* [AIM OF THE EXERCISE]: Report the lines of the data below that contain the string "pLutAccelMagnitude".

BEGIN DATA IN THIS EXERCISE

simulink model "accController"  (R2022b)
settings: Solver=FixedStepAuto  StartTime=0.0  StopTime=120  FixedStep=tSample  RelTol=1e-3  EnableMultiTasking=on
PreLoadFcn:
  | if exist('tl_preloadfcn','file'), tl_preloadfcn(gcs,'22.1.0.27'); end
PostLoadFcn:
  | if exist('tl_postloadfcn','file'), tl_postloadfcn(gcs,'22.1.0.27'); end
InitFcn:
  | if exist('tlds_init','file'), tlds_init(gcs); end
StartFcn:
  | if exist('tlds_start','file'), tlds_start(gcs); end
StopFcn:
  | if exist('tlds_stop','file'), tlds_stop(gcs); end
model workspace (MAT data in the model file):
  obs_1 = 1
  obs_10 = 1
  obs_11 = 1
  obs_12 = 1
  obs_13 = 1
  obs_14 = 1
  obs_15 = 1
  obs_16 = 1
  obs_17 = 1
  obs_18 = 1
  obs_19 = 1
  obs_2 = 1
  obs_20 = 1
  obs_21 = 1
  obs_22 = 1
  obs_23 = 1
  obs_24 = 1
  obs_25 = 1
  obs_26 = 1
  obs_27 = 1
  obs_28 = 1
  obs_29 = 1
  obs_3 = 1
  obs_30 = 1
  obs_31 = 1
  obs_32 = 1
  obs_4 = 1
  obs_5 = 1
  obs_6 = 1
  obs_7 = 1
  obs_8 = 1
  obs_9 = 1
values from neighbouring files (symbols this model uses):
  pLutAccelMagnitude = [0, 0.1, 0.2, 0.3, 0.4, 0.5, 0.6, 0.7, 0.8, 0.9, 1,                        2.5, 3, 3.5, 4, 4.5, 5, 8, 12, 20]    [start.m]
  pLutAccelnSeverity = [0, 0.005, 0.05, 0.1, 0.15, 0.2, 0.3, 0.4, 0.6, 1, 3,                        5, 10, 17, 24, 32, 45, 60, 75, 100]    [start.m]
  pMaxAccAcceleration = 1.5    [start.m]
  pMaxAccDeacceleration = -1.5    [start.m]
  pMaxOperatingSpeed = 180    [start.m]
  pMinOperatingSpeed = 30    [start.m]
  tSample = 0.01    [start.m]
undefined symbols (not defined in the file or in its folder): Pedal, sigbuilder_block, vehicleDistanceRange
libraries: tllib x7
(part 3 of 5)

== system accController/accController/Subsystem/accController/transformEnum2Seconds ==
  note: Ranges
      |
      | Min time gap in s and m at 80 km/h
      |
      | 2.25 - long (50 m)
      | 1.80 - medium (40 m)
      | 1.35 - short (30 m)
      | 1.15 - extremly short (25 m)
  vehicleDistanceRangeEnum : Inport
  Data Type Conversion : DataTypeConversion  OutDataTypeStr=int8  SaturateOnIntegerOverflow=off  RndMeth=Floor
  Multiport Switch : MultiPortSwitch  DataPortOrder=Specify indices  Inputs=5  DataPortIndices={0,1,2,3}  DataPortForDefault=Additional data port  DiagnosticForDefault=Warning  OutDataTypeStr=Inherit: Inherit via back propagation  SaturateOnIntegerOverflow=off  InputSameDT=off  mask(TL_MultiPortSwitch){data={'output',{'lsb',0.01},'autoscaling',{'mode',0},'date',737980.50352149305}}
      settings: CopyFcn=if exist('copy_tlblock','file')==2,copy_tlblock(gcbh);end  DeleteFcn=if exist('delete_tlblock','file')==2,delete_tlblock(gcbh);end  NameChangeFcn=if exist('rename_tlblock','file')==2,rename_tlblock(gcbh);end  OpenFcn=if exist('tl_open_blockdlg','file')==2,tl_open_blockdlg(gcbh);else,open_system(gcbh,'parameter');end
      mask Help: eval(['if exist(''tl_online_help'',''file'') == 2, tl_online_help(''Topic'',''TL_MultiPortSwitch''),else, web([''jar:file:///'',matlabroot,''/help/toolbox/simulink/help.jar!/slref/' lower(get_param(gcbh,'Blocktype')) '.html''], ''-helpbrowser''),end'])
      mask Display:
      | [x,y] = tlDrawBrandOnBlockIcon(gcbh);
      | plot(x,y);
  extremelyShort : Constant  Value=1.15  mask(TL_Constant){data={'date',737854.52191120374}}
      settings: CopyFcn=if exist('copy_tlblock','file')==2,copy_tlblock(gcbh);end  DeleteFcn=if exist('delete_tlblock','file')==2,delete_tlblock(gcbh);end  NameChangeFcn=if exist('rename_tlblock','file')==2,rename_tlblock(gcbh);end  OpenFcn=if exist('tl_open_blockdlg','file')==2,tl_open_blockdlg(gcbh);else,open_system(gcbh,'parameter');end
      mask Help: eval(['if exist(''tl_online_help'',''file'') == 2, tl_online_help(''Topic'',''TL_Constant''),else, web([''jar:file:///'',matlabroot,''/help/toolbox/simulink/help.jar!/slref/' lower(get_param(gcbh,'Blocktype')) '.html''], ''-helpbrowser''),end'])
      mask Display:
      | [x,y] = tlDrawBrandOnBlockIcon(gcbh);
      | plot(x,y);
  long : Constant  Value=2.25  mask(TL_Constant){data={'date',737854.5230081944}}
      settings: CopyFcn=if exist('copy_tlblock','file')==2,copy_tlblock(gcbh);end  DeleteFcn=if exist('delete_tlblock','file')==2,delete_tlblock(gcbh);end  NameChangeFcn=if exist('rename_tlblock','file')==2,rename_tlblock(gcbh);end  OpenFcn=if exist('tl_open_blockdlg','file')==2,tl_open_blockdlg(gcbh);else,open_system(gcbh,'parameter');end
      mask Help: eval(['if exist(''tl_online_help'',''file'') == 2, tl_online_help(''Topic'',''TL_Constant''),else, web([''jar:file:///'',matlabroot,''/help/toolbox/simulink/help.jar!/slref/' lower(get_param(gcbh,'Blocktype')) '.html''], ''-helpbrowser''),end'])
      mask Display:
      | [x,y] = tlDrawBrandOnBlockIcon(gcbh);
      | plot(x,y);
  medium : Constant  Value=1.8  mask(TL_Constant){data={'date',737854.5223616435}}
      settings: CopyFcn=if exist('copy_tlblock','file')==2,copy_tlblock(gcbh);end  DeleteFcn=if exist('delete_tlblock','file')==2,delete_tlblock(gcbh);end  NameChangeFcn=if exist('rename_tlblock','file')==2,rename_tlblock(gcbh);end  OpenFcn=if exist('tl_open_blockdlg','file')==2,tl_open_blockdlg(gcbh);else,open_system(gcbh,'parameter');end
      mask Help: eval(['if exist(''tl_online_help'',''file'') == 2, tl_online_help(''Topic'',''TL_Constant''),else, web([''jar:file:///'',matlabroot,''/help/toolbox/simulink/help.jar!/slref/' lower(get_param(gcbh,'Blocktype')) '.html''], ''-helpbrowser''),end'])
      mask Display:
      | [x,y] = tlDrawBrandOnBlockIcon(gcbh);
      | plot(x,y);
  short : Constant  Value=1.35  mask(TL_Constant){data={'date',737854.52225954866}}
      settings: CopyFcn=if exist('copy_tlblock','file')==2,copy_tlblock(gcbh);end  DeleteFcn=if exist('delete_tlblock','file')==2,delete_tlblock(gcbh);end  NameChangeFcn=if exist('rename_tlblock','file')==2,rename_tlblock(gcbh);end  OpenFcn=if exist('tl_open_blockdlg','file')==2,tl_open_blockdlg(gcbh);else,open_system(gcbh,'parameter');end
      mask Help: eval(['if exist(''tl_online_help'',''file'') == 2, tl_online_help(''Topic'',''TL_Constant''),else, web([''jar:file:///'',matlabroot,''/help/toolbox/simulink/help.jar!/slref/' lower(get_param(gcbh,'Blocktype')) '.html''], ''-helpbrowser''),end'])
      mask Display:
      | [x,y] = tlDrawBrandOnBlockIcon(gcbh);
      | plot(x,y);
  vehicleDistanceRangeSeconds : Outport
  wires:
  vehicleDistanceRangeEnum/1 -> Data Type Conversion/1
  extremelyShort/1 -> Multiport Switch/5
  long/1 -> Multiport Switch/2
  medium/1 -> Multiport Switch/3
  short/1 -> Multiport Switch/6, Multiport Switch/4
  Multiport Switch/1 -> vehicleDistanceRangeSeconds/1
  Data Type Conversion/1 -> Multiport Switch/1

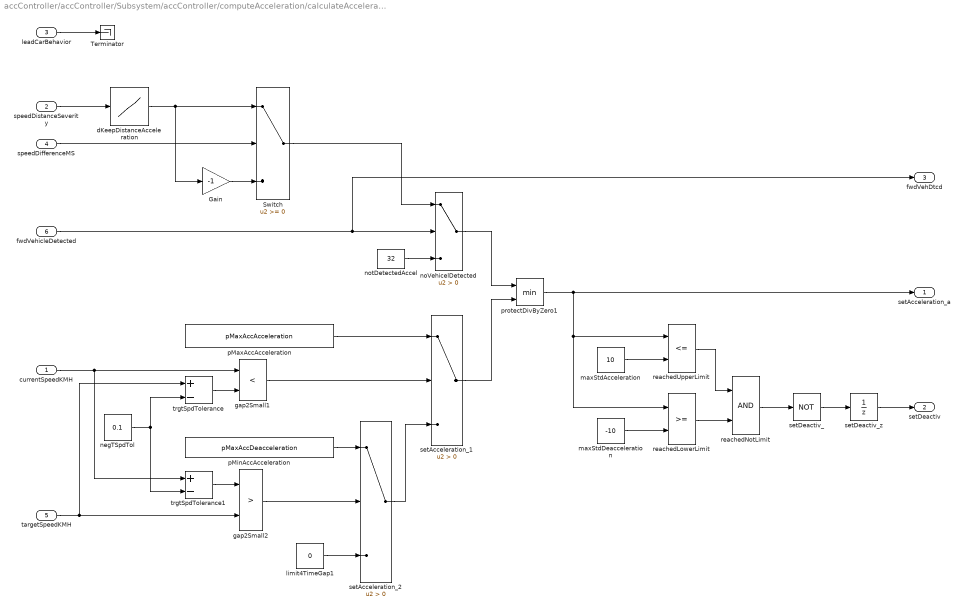
== system accController/accController/Subsystem/accController/computeAcceleration/calculateAcceleration ==
  currentSpeedKMH : Inport
  speedDistanceSeverity : Inport  Port=2
  leadCarBehavior : Inport  Port=3
  speedDifferenceMS : Inport  Port=4
  targetSpeedKMH : Inport  Port=5
  fwdVehicleDetected : Inport  Port=6
  Gain : Gain  Gain=-1  mask(TL_Gain){data={'output',{'type','Int32','scaling','SC_ACCL_FINE'},'date',737877.58934976847}}
      settings: CopyFcn=if exist('copy_tlblock','file')==2,copy_tlblock(gcbh);end  DeleteFcn=if exist('delete_tlblock','file')==2,delete_tlblock(gcbh);end  NameChangeFcn=if exist('rename_tlblock','file')==2,rename_tlblock(gcbh);end  OpenFcn=if exist('tl_open_blockdlg','file')==2,tl_open_blockdlg(gcbh);else,open_system(gcbh,'parameter');end
      mask Help: eval(['if exist(''tl_online_help'',''file'') == 2, tl_online_help(''Topic'',''TL_Gain''),else, web([''jar:file:///'',matlabroot,''/help/toolbox/simulink/help.jar!/slref/' lower(get_param(gcbh,'Blocktype')) '.html''], ''-helpbrowser''),end'])
      mask Display:
      | [x,y] = tlDrawBrandOnBlockIcon(gcbh);
      | plot(x,y);
  Switch : Switch  SaturateOnIntegerOverflow=off  InputSameDT=off  mask(TL_Switch){data={'output',{'type','Int32','scaling','SC_ACCL_FINE'},'date',739002.69656456017}}
      settings: CopyFcn=if exist('copy_tlblock','file')==2,copy_tlblock(gcbh);end  DeleteFcn=if exist('delete_tlblock','file')==2,delete_tlblock(gcbh);end  NameChangeFcn=if exist('rename_tlblock','file')==2,rename_tlblock(gcbh);end  OpenFcn=if exist('tl_open_blockdlg','file')==2,tl_open_blockdlg(gcbh);else,open_system(gcbh,'parameter');end
      mask Help: eval(['if exist(''tl_online_help'',''file'') == 2, tl_online_help(''Topic'',''TL_Switch''),else, web([''jar:file:///'',matlabroot,''/help/toolbox/simulink/help.jar!/slref/' lower(get_param(gcbh,'Blocktype')) '.html''], ''-helpbrowser''),end'])
      mask Display:
      | [x,y] = tlDrawBrandOnBlockIcon(gcbh);
      | plot(x,y);
  Terminator : Terminator
  dKeepDistanceAcceleration : Lookup_n-D  NumberOfTableDimensions=1  BreakpointsForDimension1=pLutAccelnSeverity  BreakpointsForDimension2=[1:3]  IndexSearchMethod=Linear search  Table=pLutAccelMagnitude  InterpMethod=Flat  ExtrapMethod=Clip  DiagnosticForOutOfRangeInput=Warning  InternalRulePriority=Speed  RndMeth=Simplest  mask(TL_Lookup1D){data={'input',{'variable','Parameter/pLutAccelnSeverity'},'output',{'type','Int32','scaling','SC_ACCL_FINE'},'table',{'variable','Parameter/pLutAccelMagnitude'},'date',739002.69656317134}}
      settings: CopyFcn=if exist('copy_tlblock','file')==2,copy_tlblock(gcbh);end  DeleteFcn=if exist('delete_tlblock','file')==2,delete_tlblock(gcbh);end  NameChangeFcn=if exist('rename_tlblock','file')==2,rename_tlblock(gcbh);end  OpenFcn=if exist('tl_open_blockdlg','file')==2,tl_open_blockdlg(gcbh);else,open_system(gcbh,'parameter');end
      mask Help: eval(['if exist(''tl_online_help'',''file'') == 2, tl_online_help(''Topic'',''TL_Lookup1D''),else, web([''jar:file:///'',matlabroot,''/help/toolbox/simulink/help.jar!/slref/' lower(get_param(gcbh,'Blocktype')) '.html''], ''-helpbrowser''),end'])
      mask Display:
      | [x,y] = tlDrawBrandOnBlockIcon(gcbh);
      | plot(x,y);
  gap2Small1 : RelationalOperator  Operator=<  OutDataTypeStr=boolean  InputSameDT=off  mask(TL_RelationalOperator){data={'date',737252.50075726851}}
      settings: CopyFcn=if exist('copy_tlblock','file')==2,copy_tlblock(gcbh);end  DeleteFcn=if exist('delete_tlblock','file')==2,delete_tlblock(gcbh);end  NameChangeFcn=if exist('rename_tlblock','file')==2,rename_tlblock(gcbh);end  OpenFcn=if exist('tl_open_blockdlg','file')==2,tl_open_blockdlg(gcbh);else,open_system(gcbh,'parameter');end
      mask Help: eval(['if exist(''tl_online_help'',''file'') == 2, tl_online_help(''Topic'',''TL_RelationalOperator''),else, web([''jar:file:///'',matlabroot,''/help/toolbox/simulink/help.jar!/slref/' lower(get_param(gcbh,'Blocktype')) '.html''], ''-helpbrowser''),end'])
      mask Display:
      | [x,y] = tlDrawBrandOnBlockIcon(gcbh);
      | plot(x,y);
  gap2Small2 : RelationalOperator  Operator=>  OutDataTypeStr=boolean  InputSameDT=off  mask(TL_RelationalOperator){data={'date',737323.63152983796}}
      settings: CopyFcn=if exist('copy_tlblock','file')==2,copy_tlblock(gcbh);end  DeleteFcn=if exist('delete_tlblock','file')==2,delete_tlblock(gcbh);end  NameChangeFcn=if exist('rename_tlblock','file')==2,rename_tlblock(gcbh);end  OpenFcn=if exist('tl_open_blockdlg','file')==2,tl_open_blockdlg(gcbh);else,open_system(gcbh,'parameter');end
      mask Help: eval(['if exist(''tl_online_help'',''file'') == 2, tl_online_help(''Topic'',''TL_RelationalOperator''),else, web([''jar:file:///'',matlabroot,''/help/toolbox/simulink/help.jar!/slref/' lower(get_param(gcbh,'Blocktype')) '.html''], ''-helpbrowser''),end'])
      mask Display:
      | [x,y] = tlDrawBrandOnBlockIcon(gcbh);
      | plot(x,y);
  limit4TimeGap1 : Constant  Value=0  mask(TL_Constant){data={'date',737323.63099049765}}
      settings: CopyFcn=if exist('copy_tlblock','file')==2,copy_tlblock(gcbh);end  DeleteFcn=if exist('delete_tlblock','file')==2,delete_tlblock(gcbh);end  NameChangeFcn=if exist('rename_tlblock','file')==2,rename_tlblock(gcbh);end  OpenFcn=if exist('tl_open_blockdlg','file')==2,tl_open_blockdlg(gcbh);else,open_system(gcbh,'parameter');end
      mask Help: eval(['if exist(''tl_online_help'',''file'') == 2, tl_online_help(''Topic'',''TL_Constant''),else, web([''jar:file:///'',matlabroot,''/help/toolbox/simulink/help.jar!/slref/' lower(get_param(gcbh,'Blocktype')) '.html''], ''-helpbrowser''),end'])
      mask Display:
      | [x,y] = tlDrawBrandOnBlockIcon(gcbh);
      | plot(x,y);
  maxStdAcceleration : Constant  Value=10  mask(TL_Constant){data={'output',{'class','CONST','type','UInt8','scaling','SC_ACCL'},'date',737875.76841753477}}
      settings: CopyFcn=if exist('copy_tlblock','file')==2,copy_tlblock(gcbh);end  DeleteFcn=if exist('delete_tlblock','file')==2,delete_tlblock(gcbh);end  NameChangeFcn=if exist('rename_tlblock','file')==2,rename_tlblock(gcbh);end  OpenFcn=if exist('tl_open_blockdlg','file')==2,tl_open_blockdlg(gcbh);else,open_system(gcbh,'parameter');end
      mask Help: eval(['if exist(''tl_online_help'',''file'') == 2, tl_online_help(''Topic'',''TL_Constant''),else, web([''jar:file:///'',matlabroot,''/help/toolbox/simulink/help.jar!/slref/' lower(get_param(gcbh,'Blocktype')) '.html''], ''-helpbrowser''),end'])
      mask Display:
      | [x,y] = tlDrawBrandOnBlockIcon(gcbh);
      | plot(x,y);
  "maxStdDeacceleration " : Constant  Value=-10  mask(TL_Constant){data={'output',{'class','CONST','type','Int8','scaling','SC_ACCL'},'date',737875.76914055552}}
      settings: CopyFcn=if exist('copy_tlblock','file')==2,copy_tlblock(gcbh);end  DeleteFcn=if exist('delete_tlblock','file')==2,delete_tlblock(gcbh);end  NameChangeFcn=if exist('rename_tlblock','file')==2,rename_tlblock(gcbh);end  OpenFcn=if exist('tl_open_blockdlg','file')==2,tl_open_blockdlg(gcbh);else,open_system(gcbh,'parameter');end
      mask Help: eval(['if exist(''tl_online_help'',''file'') == 2, tl_online_help(''Topic'',''TL_Constant''),else, web([''jar:file:///'',matlabroot,''/help/toolbox/simulink/help.jar!/slref/' lower(get_param(gcbh,'Blocktype')) '.html''], ''-helpbrowser''),end'])
      mask Display:
      | [x,y] = tlDrawBrandOnBlockIcon(gcbh);
      | plot(x,y);
  negTSpdTol : Constant  Value=0.1  mask(TL_Constant){data={'output',{'class','CONST','type','Int32','scaling','SC_ACCL_FINE'},'date',737931.43492643523}}
      settings: CopyFcn=if exist('copy_tlblock','file')==2,copy_tlblock(gcbh);end  DeleteFcn=if exist('delete_tlblock','file')==2,delete_tlblock(gcbh);end  NameChangeFcn=if exist('rename_tlblock','file')==2,rename_tlblock(gcbh);end  OpenFcn=if exist('tl_open_blockdlg','file')==2,tl_open_blockdlg(gcbh);else,open_system(gcbh,'parameter');end
      mask Help: eval(['if exist(''tl_online_help'',''file'') == 2, tl_online_help(''Topic'',''TL_Constant''),else, web([''jar:file:///'',matlabroot,''/help/toolbox/simulink/help.jar!/slref/' lower(get_param(gcbh,'Blocktype')) '.html''], ''-helpbrowser''),end'])
      mask Display:
      | [x,y] = tlDrawBrandOnBlockIcon(gcbh);
      | plot(x,y);
  noVehicelDetected : Switch  Criteria=u2 > Threshold  SaturateOnIntegerOverflow=off  InputSameDT=off  mask(TL_Switch){data={'output',{'name','$D','type','Int32','scaling','SC_ACCL_FINE'},'date',739002.69656468753}}
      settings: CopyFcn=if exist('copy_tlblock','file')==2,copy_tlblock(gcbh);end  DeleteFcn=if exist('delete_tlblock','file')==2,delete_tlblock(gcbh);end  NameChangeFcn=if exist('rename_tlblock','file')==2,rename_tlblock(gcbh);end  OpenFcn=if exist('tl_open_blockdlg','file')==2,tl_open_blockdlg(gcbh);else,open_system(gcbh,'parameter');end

END DATA IN THIS EXERCISE

* [TASK ANSWER]:
  pLutAccelMagnitude = [0, 0.1, 0.2, 0.3, 0.4, 0.5, 0.6, 0.7, 0.8, 0.9, 1,                        2.5, 3, 3.5, 4, 4.5, 5, 8, 12, 20]    [start.m]
  dKeepDistanceAcceleration : Lookup_n-D  NumberOfTableDimensions=1  BreakpointsForDimension1=pLutAccelnSeverity  BreakpointsForDimension2=[1:3]  IndexSearchMethod=Linear search  Table=pLutAccelMagnitude  InterpMethod=Flat  ExtrapMethod=Clip  DiagnosticForOutOfRangeInput=Warning  InternalRulePriority=Speed  RndMeth=Simplest  mask(TL_Lookup1D){data={'input',{'variable','Parameter/pLutAccelnSeverity'},'output',{'type','Int32','scaling','SC_ACCL_FINE'},'table',{'variable','Parameter/pLutAccelMagnitude'},'date',739002.69656317134}}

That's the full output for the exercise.